Items listed in a dataset:

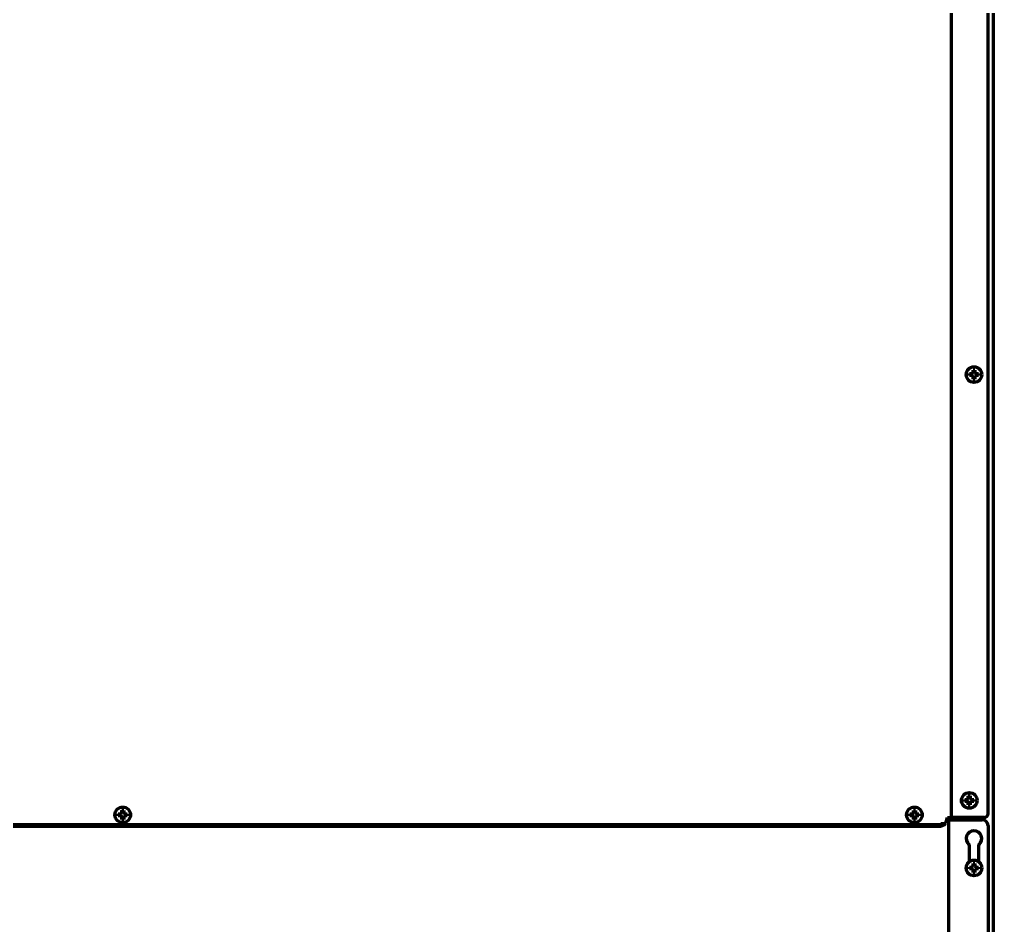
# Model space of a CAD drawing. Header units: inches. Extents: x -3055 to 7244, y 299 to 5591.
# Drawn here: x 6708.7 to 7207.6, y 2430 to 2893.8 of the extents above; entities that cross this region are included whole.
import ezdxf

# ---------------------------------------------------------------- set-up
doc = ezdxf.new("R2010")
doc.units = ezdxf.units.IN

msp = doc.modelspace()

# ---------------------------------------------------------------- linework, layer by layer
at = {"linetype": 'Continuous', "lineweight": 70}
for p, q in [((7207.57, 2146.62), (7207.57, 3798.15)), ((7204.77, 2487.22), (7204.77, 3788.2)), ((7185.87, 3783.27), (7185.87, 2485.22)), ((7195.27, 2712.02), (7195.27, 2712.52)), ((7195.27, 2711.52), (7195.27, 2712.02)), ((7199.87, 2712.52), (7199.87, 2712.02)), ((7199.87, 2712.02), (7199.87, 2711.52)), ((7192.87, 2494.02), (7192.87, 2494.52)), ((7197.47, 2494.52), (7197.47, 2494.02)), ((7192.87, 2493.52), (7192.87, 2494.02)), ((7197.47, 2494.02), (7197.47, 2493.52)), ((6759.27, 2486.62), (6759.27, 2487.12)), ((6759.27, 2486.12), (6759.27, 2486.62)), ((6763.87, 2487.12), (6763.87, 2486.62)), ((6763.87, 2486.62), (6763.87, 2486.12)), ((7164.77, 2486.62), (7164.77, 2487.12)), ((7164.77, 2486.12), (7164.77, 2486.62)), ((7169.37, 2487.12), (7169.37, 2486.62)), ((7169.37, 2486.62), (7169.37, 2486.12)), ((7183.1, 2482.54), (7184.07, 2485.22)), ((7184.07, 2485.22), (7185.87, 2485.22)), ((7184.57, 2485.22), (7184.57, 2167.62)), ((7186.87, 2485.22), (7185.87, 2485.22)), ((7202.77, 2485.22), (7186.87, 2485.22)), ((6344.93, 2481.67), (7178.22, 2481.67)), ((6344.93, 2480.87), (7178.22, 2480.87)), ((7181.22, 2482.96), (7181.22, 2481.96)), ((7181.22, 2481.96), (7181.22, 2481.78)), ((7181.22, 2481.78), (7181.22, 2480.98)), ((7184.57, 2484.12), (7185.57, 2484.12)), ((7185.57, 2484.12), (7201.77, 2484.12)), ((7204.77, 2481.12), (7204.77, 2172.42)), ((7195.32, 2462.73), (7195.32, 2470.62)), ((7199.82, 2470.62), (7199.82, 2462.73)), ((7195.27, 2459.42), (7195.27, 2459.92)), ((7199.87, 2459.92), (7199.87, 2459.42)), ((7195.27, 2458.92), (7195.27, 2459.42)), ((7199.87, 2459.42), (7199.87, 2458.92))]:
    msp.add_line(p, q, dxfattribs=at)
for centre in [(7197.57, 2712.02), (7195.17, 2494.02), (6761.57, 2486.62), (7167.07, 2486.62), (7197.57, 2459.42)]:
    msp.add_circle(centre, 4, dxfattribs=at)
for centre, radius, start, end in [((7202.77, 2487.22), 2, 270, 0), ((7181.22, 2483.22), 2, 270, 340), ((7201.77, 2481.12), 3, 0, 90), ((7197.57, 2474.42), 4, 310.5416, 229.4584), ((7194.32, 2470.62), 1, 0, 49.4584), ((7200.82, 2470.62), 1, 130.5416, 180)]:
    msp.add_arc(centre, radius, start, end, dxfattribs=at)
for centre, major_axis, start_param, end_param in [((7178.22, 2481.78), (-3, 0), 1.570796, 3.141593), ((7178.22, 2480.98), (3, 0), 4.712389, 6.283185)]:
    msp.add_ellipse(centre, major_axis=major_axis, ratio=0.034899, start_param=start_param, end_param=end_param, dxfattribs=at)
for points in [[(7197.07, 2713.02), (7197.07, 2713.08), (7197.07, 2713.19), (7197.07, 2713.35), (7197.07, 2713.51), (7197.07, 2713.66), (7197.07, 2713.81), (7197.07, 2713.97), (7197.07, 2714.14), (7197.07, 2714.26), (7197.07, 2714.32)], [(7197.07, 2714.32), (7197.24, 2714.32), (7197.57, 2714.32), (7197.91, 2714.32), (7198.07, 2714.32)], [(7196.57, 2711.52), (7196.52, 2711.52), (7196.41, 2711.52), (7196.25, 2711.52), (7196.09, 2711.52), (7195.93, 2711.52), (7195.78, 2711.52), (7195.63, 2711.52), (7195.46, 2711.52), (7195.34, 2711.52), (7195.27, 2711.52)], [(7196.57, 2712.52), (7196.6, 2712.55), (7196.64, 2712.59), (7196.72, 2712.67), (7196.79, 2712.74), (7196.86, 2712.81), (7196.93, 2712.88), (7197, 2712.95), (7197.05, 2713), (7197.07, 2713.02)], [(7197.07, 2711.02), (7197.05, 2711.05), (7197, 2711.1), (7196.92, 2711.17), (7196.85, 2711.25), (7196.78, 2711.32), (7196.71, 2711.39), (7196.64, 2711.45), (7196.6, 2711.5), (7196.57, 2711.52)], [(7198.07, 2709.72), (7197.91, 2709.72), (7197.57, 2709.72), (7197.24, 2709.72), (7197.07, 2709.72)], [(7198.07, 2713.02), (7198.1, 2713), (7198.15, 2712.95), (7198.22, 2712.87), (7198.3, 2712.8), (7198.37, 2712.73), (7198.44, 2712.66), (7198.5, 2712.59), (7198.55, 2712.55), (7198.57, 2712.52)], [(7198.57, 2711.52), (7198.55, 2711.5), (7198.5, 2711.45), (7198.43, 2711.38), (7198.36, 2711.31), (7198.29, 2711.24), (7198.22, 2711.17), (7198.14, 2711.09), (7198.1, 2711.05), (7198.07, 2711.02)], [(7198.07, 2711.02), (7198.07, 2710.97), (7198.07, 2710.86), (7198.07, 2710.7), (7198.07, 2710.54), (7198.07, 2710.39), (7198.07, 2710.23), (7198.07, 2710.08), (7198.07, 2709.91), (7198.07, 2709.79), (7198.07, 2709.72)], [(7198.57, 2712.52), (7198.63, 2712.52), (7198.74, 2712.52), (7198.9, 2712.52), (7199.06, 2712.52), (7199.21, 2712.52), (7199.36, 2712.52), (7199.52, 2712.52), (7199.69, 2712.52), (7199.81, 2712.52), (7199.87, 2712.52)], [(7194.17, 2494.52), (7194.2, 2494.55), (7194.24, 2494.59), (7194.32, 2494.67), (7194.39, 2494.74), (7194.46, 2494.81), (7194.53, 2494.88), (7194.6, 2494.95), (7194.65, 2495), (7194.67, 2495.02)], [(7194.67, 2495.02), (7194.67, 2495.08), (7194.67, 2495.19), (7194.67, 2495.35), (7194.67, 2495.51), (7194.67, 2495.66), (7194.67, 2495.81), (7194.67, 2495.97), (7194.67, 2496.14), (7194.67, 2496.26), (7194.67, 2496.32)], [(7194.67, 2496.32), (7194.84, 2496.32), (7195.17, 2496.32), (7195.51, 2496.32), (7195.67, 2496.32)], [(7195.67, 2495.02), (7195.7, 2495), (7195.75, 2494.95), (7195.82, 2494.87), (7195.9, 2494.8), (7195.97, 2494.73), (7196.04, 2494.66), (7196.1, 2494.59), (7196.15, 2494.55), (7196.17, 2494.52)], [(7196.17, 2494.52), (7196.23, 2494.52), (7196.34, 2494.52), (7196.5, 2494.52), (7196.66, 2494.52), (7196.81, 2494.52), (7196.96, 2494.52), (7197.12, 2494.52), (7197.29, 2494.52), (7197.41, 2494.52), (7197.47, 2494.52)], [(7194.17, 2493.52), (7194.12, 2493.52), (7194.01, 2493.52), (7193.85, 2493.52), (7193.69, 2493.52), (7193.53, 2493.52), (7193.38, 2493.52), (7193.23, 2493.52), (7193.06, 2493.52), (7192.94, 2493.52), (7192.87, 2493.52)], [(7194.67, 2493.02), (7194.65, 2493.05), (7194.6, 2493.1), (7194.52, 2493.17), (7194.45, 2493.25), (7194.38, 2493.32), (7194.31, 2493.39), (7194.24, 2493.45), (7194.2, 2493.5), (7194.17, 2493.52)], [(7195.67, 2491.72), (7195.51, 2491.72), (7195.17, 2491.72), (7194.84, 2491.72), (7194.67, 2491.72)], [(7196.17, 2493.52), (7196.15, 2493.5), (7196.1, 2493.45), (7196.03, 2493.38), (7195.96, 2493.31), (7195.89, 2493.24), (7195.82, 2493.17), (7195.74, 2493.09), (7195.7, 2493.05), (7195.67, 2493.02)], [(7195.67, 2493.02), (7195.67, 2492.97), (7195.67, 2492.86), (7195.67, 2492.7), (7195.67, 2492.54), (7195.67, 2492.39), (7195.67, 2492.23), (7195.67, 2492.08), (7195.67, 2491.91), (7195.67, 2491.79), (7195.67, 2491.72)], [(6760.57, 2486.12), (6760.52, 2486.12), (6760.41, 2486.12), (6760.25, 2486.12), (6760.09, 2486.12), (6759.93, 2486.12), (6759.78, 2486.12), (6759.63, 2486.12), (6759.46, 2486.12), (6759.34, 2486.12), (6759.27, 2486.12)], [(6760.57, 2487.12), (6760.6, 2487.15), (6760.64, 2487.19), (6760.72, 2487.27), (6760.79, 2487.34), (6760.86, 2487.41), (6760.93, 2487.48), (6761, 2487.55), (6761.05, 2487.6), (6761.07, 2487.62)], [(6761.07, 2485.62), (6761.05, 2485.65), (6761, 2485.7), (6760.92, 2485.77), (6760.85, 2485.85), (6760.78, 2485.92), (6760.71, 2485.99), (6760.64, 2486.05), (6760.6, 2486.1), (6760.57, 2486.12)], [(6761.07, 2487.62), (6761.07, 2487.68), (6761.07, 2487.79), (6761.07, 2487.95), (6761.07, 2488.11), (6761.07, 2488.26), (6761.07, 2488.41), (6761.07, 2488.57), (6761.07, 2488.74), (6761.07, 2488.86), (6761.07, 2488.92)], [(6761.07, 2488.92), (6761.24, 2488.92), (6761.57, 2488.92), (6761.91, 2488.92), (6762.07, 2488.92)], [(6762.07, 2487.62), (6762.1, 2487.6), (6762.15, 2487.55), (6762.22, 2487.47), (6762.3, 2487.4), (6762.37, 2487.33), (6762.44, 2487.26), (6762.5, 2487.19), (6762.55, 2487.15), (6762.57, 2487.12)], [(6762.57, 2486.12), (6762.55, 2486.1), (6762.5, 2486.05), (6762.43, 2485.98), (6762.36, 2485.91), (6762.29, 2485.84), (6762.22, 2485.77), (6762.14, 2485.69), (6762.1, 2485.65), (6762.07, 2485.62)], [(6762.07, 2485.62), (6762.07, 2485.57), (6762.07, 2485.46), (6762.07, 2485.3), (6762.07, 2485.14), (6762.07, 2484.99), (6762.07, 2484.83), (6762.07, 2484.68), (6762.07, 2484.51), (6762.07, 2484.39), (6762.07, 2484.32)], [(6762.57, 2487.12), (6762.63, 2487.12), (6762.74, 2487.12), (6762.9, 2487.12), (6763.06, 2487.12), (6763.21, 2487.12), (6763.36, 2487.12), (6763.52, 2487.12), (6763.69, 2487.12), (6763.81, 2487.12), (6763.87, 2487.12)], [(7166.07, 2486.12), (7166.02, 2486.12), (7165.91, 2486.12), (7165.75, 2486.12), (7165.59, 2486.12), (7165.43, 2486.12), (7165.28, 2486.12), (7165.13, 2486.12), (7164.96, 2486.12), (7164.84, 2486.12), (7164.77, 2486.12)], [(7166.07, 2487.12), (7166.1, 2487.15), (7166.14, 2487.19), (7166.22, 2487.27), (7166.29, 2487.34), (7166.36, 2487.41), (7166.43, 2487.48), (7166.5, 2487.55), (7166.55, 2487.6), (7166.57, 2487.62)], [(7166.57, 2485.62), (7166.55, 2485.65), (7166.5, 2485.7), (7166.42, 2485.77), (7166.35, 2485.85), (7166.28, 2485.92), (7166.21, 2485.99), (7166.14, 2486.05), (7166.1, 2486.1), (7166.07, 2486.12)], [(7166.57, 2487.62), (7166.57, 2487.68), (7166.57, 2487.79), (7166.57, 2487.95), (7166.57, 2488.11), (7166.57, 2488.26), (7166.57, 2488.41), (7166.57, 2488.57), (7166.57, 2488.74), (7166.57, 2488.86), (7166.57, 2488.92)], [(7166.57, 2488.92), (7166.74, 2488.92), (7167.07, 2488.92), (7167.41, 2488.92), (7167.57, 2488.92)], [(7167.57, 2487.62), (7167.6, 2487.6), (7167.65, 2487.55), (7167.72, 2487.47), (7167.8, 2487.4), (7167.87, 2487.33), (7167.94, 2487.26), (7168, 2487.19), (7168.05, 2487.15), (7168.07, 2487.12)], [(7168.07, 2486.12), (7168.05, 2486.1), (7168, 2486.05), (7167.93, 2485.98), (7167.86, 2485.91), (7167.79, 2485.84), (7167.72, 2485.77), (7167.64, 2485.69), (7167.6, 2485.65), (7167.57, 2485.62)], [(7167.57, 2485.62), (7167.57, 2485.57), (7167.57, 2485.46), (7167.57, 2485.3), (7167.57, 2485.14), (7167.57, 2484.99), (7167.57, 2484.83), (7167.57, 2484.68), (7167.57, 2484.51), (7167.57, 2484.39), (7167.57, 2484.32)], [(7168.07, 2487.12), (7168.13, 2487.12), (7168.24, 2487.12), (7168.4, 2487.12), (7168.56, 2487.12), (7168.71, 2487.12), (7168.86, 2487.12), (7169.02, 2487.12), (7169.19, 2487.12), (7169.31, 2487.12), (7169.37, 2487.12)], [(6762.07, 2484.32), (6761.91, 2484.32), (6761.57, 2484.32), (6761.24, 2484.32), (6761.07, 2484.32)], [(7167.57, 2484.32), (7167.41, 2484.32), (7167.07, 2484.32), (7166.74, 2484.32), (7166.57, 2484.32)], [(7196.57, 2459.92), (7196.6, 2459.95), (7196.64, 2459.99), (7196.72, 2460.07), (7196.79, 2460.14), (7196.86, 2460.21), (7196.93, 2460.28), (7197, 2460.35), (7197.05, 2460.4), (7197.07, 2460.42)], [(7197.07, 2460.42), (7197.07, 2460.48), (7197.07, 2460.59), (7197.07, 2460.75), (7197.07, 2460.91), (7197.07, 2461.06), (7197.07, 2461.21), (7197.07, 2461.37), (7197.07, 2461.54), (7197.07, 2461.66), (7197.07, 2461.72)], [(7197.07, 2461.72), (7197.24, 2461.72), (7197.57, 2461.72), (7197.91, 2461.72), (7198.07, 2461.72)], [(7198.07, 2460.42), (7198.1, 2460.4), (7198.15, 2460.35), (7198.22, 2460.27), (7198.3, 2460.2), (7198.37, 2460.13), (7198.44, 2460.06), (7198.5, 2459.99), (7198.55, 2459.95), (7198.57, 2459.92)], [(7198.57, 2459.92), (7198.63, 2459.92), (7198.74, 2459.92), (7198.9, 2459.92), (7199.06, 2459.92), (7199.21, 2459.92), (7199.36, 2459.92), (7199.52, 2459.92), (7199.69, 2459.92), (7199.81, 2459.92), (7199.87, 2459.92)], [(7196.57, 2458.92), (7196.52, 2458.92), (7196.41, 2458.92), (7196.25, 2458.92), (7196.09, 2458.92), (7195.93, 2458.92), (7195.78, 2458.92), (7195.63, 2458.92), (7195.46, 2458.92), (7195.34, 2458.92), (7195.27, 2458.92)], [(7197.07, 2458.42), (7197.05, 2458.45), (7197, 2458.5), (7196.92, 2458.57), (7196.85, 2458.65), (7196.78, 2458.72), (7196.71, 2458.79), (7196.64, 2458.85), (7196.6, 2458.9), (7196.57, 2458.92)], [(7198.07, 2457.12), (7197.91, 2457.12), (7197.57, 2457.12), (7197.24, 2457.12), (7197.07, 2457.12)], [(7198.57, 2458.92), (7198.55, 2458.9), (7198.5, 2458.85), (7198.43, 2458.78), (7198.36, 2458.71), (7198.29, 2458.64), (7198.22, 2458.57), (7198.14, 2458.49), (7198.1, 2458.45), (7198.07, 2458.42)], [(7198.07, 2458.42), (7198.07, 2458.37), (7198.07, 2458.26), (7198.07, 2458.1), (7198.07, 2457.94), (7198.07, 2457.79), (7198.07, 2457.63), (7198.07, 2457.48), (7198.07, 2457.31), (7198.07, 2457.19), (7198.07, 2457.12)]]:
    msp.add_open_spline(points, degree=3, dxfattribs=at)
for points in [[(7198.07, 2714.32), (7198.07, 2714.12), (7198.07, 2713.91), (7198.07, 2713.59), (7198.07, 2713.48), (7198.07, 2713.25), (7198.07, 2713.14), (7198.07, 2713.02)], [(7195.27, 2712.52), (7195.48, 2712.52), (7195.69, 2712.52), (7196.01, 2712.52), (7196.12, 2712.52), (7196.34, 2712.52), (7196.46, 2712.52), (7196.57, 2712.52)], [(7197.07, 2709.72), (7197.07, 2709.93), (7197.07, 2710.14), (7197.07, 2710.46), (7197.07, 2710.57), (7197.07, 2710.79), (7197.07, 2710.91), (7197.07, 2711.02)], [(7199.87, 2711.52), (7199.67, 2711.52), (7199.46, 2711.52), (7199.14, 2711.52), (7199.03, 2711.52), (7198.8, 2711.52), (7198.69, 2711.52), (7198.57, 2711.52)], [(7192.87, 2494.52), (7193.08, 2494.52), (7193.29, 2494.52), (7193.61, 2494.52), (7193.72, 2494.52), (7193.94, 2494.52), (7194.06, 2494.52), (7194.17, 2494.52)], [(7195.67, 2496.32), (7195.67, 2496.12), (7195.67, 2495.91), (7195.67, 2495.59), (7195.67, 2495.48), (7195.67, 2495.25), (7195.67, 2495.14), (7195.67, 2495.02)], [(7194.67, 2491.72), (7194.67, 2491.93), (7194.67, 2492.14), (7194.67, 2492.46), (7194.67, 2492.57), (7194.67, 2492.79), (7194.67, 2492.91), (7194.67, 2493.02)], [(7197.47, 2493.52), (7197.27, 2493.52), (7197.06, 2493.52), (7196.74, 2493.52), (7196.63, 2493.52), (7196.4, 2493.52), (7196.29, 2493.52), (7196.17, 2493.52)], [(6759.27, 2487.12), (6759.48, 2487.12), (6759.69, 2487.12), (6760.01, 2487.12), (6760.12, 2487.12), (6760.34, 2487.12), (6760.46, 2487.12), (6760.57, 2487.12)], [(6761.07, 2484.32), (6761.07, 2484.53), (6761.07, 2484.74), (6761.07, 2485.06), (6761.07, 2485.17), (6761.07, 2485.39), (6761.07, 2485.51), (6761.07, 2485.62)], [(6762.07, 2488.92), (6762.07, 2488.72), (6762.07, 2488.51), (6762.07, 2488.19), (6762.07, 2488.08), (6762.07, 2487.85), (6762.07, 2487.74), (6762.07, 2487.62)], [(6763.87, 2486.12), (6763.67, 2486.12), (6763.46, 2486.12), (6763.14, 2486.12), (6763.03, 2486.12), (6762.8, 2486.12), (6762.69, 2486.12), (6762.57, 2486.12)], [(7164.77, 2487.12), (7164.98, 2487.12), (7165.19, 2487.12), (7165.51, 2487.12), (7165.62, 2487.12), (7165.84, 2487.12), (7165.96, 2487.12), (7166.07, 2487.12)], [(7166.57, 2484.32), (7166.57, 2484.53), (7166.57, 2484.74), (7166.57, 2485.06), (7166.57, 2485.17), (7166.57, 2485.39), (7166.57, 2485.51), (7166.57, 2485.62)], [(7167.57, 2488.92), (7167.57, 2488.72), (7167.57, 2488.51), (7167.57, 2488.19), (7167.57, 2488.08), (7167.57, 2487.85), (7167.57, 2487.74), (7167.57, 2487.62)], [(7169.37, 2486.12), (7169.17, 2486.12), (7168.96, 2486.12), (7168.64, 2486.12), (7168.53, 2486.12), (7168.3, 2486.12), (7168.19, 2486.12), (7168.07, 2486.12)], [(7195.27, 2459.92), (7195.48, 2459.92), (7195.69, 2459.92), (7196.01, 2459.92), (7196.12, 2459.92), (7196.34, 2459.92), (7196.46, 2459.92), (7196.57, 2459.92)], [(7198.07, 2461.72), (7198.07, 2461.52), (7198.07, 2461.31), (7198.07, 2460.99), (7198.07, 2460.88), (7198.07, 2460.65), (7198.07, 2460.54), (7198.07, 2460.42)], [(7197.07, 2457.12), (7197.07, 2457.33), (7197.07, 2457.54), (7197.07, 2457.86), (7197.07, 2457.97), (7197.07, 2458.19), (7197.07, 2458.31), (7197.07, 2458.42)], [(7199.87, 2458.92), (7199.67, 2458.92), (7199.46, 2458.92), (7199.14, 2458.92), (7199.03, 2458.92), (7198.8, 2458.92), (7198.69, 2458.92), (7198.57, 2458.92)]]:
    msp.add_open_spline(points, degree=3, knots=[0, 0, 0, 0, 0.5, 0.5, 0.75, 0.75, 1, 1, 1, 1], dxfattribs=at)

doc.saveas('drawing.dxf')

◆ Goal of the exercise: Gather all lines with the string "drawing" from the data.

◆ Solution to this problem:
# Model space of a CAD drawing. Header units: inches. Extents: x -3055 to 7244, y 299 to 5591.
doc.saveas('drawing.dxf')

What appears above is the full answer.